Aim of the exercise: When you reach the line containing "#262=CIRCLE('',#261,20.0000000000001);" in the data below, begin returning lines exactly as written, and stop once the line containing "#279=DIRECTION('',(0.,1.,0.));" has been returned.

Dataset excerpts:

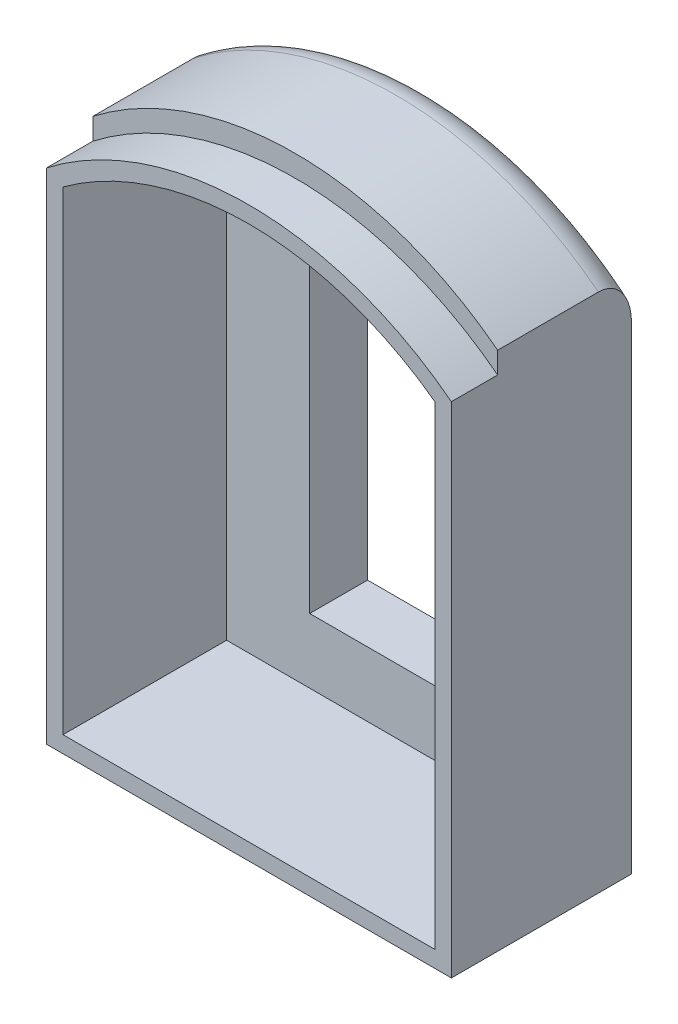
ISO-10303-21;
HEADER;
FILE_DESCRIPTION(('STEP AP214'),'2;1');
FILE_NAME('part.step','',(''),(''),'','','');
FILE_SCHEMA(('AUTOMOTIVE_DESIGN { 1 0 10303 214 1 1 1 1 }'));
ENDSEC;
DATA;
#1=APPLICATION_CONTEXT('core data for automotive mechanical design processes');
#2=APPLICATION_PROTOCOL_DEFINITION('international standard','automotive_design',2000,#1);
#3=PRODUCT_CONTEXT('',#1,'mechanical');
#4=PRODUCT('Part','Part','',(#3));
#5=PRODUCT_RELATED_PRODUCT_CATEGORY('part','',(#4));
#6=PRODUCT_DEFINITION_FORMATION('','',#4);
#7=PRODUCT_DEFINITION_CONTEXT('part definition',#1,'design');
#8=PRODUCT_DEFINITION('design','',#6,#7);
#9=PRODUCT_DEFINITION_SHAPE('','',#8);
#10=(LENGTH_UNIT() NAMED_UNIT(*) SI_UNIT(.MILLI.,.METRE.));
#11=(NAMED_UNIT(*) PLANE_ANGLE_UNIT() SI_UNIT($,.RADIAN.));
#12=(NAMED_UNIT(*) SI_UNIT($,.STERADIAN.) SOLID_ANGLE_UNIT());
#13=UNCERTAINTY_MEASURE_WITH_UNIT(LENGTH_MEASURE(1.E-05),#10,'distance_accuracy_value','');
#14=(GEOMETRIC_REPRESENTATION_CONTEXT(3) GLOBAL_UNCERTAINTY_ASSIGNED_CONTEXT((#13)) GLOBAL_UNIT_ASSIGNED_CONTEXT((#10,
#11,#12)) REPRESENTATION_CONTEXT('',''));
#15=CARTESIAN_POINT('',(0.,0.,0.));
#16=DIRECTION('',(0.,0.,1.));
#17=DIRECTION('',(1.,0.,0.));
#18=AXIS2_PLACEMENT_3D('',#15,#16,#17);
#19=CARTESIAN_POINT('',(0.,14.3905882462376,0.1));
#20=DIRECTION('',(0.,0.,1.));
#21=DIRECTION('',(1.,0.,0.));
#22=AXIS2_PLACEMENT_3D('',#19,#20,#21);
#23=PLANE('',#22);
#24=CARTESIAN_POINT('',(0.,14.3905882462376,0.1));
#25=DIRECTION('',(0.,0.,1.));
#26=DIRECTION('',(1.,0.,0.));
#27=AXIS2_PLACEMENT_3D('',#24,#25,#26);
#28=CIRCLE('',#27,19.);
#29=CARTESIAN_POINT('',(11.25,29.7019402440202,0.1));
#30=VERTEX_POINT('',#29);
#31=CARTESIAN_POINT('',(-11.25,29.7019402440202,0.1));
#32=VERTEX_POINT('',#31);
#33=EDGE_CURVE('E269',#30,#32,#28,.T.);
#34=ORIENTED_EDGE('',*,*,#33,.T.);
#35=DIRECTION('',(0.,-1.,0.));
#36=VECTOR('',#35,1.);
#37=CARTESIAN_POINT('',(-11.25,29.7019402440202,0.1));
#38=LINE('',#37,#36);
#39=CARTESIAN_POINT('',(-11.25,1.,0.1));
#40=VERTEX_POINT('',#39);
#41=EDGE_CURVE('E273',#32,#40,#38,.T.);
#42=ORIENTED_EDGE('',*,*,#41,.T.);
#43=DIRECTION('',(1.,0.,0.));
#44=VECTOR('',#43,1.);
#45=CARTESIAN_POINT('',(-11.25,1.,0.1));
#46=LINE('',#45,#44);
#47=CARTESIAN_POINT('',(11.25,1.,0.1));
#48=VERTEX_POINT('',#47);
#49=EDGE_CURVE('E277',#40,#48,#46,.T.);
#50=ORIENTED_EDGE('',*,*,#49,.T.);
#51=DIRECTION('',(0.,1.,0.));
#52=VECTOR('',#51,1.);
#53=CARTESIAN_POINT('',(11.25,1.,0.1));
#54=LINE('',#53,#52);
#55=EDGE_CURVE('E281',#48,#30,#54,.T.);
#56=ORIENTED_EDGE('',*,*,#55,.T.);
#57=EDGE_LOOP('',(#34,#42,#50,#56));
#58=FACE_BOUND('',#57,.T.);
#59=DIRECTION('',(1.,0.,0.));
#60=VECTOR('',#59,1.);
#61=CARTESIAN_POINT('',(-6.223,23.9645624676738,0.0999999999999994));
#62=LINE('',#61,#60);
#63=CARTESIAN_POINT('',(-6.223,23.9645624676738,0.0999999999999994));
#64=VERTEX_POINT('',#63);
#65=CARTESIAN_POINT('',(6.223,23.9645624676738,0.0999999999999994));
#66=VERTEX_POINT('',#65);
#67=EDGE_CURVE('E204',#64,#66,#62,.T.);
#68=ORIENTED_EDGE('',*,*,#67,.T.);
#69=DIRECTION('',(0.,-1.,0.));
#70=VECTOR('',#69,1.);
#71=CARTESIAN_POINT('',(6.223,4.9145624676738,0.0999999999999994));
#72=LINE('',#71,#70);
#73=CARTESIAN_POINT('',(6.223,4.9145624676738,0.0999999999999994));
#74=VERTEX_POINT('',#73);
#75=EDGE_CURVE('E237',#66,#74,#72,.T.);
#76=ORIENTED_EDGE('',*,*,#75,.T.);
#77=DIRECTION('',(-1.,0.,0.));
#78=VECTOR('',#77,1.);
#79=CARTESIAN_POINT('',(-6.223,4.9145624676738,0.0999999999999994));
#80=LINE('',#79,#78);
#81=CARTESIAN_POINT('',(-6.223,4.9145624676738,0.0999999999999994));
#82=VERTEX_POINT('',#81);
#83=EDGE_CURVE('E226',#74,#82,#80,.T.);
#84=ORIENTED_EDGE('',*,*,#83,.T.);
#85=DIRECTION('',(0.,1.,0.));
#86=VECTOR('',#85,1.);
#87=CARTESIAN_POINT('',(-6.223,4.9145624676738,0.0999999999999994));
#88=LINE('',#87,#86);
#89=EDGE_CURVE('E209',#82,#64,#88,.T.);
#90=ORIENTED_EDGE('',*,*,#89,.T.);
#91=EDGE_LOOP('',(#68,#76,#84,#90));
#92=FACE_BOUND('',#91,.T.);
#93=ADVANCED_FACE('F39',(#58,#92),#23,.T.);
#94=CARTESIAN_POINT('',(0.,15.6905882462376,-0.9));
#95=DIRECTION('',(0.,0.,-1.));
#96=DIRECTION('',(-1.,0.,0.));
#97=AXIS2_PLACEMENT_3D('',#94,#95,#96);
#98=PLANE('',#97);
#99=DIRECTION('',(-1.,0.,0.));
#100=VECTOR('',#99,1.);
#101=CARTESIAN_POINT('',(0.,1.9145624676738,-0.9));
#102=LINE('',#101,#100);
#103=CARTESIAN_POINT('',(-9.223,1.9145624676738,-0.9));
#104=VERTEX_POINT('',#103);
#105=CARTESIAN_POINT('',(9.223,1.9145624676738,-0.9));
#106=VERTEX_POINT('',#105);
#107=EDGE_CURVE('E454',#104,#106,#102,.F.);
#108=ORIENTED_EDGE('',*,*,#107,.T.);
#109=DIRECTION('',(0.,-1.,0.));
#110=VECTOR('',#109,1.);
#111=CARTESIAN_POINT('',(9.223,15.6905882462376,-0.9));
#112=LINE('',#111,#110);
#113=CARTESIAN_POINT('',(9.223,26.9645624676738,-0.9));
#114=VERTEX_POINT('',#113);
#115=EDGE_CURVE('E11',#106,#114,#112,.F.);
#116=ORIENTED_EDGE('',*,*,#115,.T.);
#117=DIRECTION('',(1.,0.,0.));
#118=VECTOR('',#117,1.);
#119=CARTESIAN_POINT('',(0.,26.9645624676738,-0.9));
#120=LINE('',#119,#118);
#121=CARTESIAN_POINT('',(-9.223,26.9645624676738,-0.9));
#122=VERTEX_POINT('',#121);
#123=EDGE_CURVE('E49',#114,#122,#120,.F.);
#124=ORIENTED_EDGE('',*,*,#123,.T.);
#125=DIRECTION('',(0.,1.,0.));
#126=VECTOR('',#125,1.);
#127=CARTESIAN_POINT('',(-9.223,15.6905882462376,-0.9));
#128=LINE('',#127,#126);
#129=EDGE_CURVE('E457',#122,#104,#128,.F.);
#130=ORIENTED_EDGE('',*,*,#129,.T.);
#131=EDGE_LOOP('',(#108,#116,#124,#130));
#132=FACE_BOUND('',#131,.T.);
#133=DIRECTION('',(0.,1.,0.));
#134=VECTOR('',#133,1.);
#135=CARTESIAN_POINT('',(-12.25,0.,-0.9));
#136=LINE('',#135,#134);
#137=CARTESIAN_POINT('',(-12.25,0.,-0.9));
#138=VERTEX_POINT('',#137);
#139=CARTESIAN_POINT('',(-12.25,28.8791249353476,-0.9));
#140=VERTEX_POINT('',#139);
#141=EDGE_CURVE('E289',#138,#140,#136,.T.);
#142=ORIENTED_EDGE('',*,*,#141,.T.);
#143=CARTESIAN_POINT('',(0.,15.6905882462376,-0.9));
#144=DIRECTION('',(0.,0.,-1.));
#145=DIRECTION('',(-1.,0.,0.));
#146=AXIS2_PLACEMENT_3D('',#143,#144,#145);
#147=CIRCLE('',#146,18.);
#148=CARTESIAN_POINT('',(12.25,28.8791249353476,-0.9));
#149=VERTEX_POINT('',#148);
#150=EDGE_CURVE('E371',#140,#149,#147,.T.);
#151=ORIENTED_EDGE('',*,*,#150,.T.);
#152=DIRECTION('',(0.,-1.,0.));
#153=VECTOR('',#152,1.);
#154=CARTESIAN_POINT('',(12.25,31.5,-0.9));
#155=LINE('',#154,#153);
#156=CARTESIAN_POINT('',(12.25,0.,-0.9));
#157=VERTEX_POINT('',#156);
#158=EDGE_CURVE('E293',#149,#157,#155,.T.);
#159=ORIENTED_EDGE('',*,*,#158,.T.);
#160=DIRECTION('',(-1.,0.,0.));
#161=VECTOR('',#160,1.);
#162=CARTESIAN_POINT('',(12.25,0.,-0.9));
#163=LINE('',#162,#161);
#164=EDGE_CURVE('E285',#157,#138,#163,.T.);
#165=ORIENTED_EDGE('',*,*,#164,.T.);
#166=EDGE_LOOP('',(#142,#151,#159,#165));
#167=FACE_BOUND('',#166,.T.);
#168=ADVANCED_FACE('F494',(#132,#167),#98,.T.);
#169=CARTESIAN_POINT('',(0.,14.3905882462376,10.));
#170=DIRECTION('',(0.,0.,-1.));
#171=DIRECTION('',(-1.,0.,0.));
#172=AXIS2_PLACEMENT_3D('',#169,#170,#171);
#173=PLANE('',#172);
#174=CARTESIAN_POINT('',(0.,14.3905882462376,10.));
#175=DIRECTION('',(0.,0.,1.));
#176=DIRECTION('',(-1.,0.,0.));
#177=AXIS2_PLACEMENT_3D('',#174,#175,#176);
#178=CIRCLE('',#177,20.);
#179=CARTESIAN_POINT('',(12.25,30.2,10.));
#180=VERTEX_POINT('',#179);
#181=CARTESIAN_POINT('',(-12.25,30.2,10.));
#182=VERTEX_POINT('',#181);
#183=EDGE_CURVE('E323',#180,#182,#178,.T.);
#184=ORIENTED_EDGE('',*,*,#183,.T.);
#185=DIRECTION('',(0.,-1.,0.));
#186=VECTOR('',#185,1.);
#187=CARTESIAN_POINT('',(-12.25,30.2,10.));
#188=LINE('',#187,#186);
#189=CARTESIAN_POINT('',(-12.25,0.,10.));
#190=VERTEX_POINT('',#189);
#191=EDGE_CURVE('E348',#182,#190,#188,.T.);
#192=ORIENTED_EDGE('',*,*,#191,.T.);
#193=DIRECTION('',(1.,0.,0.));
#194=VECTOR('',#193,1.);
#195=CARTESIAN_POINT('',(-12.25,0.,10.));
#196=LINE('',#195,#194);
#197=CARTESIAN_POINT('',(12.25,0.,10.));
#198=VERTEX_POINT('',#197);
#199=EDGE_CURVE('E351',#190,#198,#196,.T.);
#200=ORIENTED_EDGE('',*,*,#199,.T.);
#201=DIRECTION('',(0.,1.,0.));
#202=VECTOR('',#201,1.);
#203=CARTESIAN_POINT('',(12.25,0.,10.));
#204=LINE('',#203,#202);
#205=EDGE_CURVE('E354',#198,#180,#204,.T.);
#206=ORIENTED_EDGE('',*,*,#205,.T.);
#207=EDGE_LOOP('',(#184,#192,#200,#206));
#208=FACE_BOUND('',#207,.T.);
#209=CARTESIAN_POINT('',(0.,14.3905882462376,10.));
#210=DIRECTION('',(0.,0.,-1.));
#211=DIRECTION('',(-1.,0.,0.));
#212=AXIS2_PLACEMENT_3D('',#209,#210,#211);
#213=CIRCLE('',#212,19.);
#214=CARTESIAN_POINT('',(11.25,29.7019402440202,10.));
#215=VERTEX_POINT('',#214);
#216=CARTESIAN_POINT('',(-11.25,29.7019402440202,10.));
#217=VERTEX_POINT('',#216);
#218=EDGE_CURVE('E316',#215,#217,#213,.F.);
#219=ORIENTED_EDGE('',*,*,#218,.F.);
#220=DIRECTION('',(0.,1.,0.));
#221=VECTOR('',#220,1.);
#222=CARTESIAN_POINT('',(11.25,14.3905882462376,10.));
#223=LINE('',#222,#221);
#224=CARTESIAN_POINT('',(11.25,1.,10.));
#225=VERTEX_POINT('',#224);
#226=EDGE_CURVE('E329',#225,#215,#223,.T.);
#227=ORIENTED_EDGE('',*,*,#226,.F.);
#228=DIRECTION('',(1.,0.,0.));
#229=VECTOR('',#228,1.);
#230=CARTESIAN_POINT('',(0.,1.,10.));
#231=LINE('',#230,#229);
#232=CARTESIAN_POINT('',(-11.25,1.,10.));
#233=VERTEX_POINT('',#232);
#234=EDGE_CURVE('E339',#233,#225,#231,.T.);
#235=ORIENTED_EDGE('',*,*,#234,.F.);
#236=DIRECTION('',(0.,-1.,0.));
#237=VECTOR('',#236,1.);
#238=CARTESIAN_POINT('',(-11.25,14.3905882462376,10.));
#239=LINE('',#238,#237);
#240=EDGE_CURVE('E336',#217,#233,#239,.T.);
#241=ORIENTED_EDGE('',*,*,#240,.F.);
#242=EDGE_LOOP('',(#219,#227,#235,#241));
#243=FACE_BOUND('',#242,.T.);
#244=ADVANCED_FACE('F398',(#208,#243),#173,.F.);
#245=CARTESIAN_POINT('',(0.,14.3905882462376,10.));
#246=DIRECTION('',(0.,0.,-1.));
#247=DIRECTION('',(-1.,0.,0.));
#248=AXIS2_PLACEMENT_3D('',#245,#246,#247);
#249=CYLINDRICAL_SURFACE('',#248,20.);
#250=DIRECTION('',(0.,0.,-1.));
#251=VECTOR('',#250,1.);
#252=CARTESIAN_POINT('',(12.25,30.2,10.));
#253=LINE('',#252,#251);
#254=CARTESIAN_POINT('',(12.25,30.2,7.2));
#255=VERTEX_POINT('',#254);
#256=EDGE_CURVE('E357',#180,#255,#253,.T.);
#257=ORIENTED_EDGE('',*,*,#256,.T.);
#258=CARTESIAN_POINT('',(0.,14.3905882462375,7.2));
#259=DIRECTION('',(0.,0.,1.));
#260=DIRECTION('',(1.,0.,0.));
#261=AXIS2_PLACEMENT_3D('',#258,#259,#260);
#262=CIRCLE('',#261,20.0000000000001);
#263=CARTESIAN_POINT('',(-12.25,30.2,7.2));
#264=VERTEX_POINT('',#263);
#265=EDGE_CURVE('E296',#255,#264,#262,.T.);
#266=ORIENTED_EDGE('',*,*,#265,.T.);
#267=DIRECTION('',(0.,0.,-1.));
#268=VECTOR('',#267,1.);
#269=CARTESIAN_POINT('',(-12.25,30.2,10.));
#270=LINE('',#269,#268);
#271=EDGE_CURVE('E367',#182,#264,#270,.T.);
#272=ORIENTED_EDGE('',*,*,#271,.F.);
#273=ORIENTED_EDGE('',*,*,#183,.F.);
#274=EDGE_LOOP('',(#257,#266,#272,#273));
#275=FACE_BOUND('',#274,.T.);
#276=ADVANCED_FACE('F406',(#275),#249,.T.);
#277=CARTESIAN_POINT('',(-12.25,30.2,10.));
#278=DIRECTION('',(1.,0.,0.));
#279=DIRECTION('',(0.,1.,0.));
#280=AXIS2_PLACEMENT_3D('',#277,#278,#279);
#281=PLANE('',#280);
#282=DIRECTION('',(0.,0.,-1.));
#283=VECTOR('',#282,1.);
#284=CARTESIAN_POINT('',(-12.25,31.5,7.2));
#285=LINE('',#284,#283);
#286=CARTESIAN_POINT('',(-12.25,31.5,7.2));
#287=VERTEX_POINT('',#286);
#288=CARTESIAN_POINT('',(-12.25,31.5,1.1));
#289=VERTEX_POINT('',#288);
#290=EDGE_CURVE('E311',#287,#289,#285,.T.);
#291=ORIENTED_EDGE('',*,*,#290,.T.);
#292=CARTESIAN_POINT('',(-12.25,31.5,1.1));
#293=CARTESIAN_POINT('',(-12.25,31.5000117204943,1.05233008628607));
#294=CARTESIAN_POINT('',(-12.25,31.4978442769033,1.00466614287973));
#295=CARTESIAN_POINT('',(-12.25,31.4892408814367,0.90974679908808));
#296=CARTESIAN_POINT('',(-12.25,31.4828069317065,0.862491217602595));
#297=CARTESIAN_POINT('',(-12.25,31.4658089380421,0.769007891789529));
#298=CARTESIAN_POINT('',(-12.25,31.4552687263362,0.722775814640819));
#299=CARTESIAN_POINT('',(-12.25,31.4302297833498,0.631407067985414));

Output for this exercise:
#262=CIRCLE('',#261,20.0000000000001);
#263=CARTESIAN_POINT('',(-12.25,30.2,7.2));
#264=VERTEX_POINT('',#263);
#265=EDGE_CURVE('E296',#255,#264,#262,.T.);
#266=ORIENTED_EDGE('',*,*,#265,.T.);
#267=DIRECTION('',(0.,0.,-1.));
#268=VECTOR('',#267,1.);
#269=CARTESIAN_POINT('',(-12.25,30.2,10.));
#270=LINE('',#269,#268);
#271=EDGE_CURVE('E367',#182,#264,#270,.T.);
#272=ORIENTED_EDGE('',*,*,#271,.F.);
#273=ORIENTED_EDGE('',*,*,#183,.F.);
#274=EDGE_LOOP('',(#257,#266,#272,#273));
#275=FACE_BOUND('',#274,.T.);
#276=ADVANCED_FACE('F406',(#275),#249,.T.);
#277=CARTESIAN_POINT('',(-12.25,30.2,10.));
#278=DIRECTION('',(1.,0.,0.));
#279=DIRECTION('',(0.,1.,0.));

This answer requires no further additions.